Patients gather health information from the internet. It may not be authentic and at times biased because of conflict of interests. Some patients who underwent the expensive surgery may exaggerate the benefits. Is there any irrefutable evidence that private surgeons are motivated by monetary considerations to recommend total knee replacement?

A physician’s claim that his very old patient who suffered from Diabetes Mellitus and Parkinson’s disease and who had symptomatic left knee Osteoarthritis could walk within a few hours after a computer-navigated total knee replacement surgery and was fit to go home within two days may be, if true, a rare event Such anecdotal information may lead to unrealistic expectations.

Patients may ask for surgery as a prophylactic step. A truly dedicated surgeon may not rightly agree with the demand. However, brushing aside the patient’s concerns brusquely widens the communication gap. The specialist must travel an extra mile to address the concerns.

Patients must also recognise that a physician’s time is precious; they must appreciate the limitations of treatments and help to create a shared atmosphere in which the patient and the physician can take crucial treatment decisions jointly with mutual respect.

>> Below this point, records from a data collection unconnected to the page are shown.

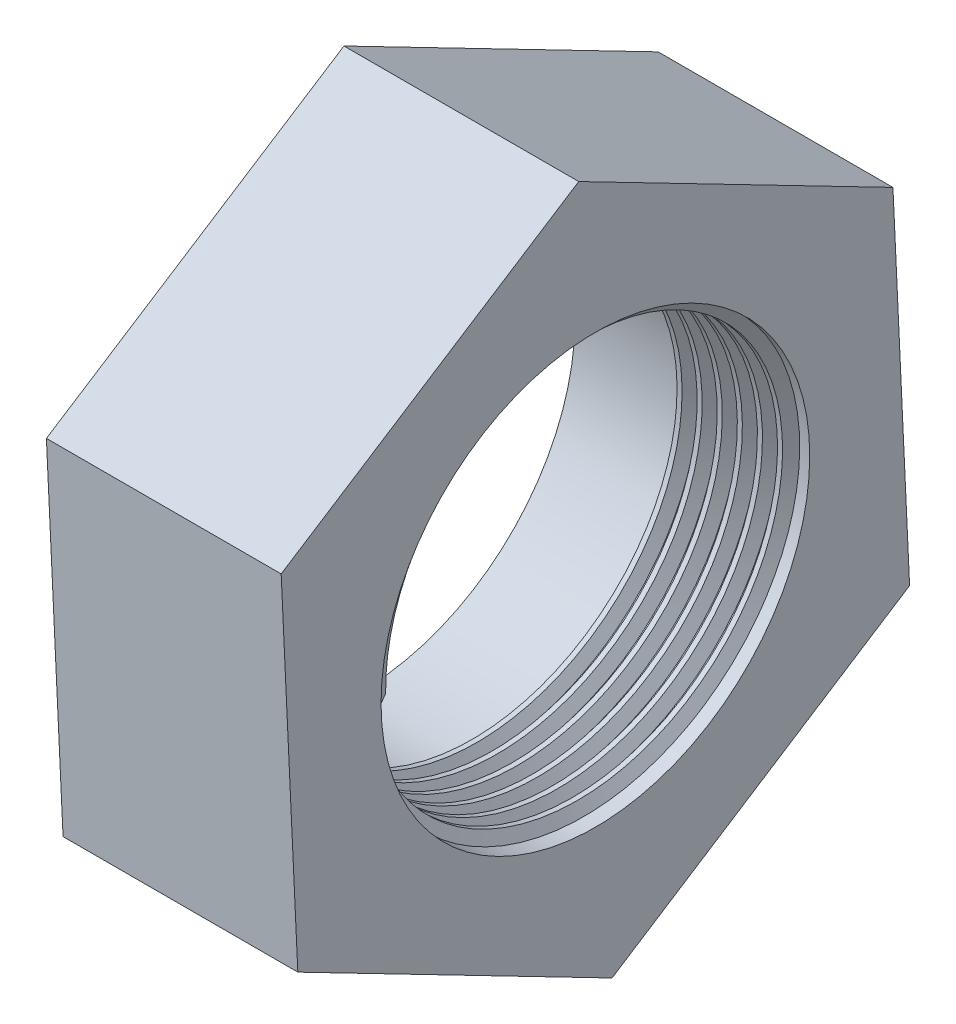
SolidWorks part; units mm, degrees
material "1060 Alloy"
ref_plane "Front Plane" through (0, 0, 0) normal (0, 0, 1) x (1, 0, 0)
ref_plane "Top Plane" through (0, 0, 0) normal (0, 1, 0) x (1, 0, 0)
ref_plane "Right Plane" through (0, 0, 0) normal (1, 0, 0) x (0, 0, -1)
sketch "Sketch1" plane through (0, 0, 0) normal (1, 0, 0) x (0, 0, -1)
  line L1 (7.8188, -4.0355) -> (7.4043, 4.7535)
  line L2 (7.4043, 4.7535) -> (-0.4145, 8.789)
  line L3 (-0.4145, 8.789) -> (-7.8188, 4.0355)
  line L4 (-7.8188, 4.0355) -> (-7.4043, -4.7535)
  line L5 (-7.4043, -4.7535) -> (0.4145, -8.789)
  line L6 (0.4145, -8.789) -> (7.8188, -4.0355)
  circle A0 centre (0, 0) radius 7.62 construction
  circle A1 centre (0, 0) radius 5.334
  dimension "D1" = 10.668
  dimension "D2" = 15.24
  dimension "D3" = 17.5781
extrude "Boss-Extrude1" add sketch "Sketch1" along normal blind 5.842
thread "Thread1" pitch 0.5 method extrude profile "Thread Profile1" start angle 0, offset 0, length 3.175, pitch 0.5, diameter 10.668
ref_plane "Plane1" through (5.842, 0, 5.334) normal (0, -1, 0) x (0, 0, 1)
sketch "Thread Profile1" plane through (5.842, 0, 5.334) normal (0, -1, 0) x (0, 0, 1)
  line L0 (0, 0) -> (0, 0.5) construction
  line L11 (0, 0) -> (0, 0.4375)
  line L12 (0, 0.4375) -> (-0.2706, 0.2812)
  line L13 (-0.2706, 0.2812) -> (-0.2706, 0.1562)
  line L15 (-0.2706, 0.1562) -> (0, 0)
  line L17 (-0.2706, 0.2187) -> (0, 0.2187) construction
  point P2 (0, 0)
  dimension "Pitch" = 0.5
  dimension "Profile_Angle" = 60
  dimension "Profile_Land" = 0.125
  dimension "Profile_Height" = 0.2706
equation "\"0.128i5\"=0.128"

Orthopaedic surgeons may examine whether they can confidently use the objective conclusions of the Lancet study as a priceless resource in their counselling programme. To help the patient to appreciate the limitations and merits of the treatments they can share with them the summary of the recommendations from the clinical practice guidelines titled “Treatment of Osteoarthritis of the knee 2nd edition” published by the American Academy of Orthopaedic Surgeons (AAOS). An NIH fact sheet gives past, present and future developments in the field.

The tyranny of technology should not adversely impact on the shared patient-physician relationship.

 

Disclaimer- The views and opinions expressed in this article are those of the author's and do not necessarily reflect the official policy or position of M3 India.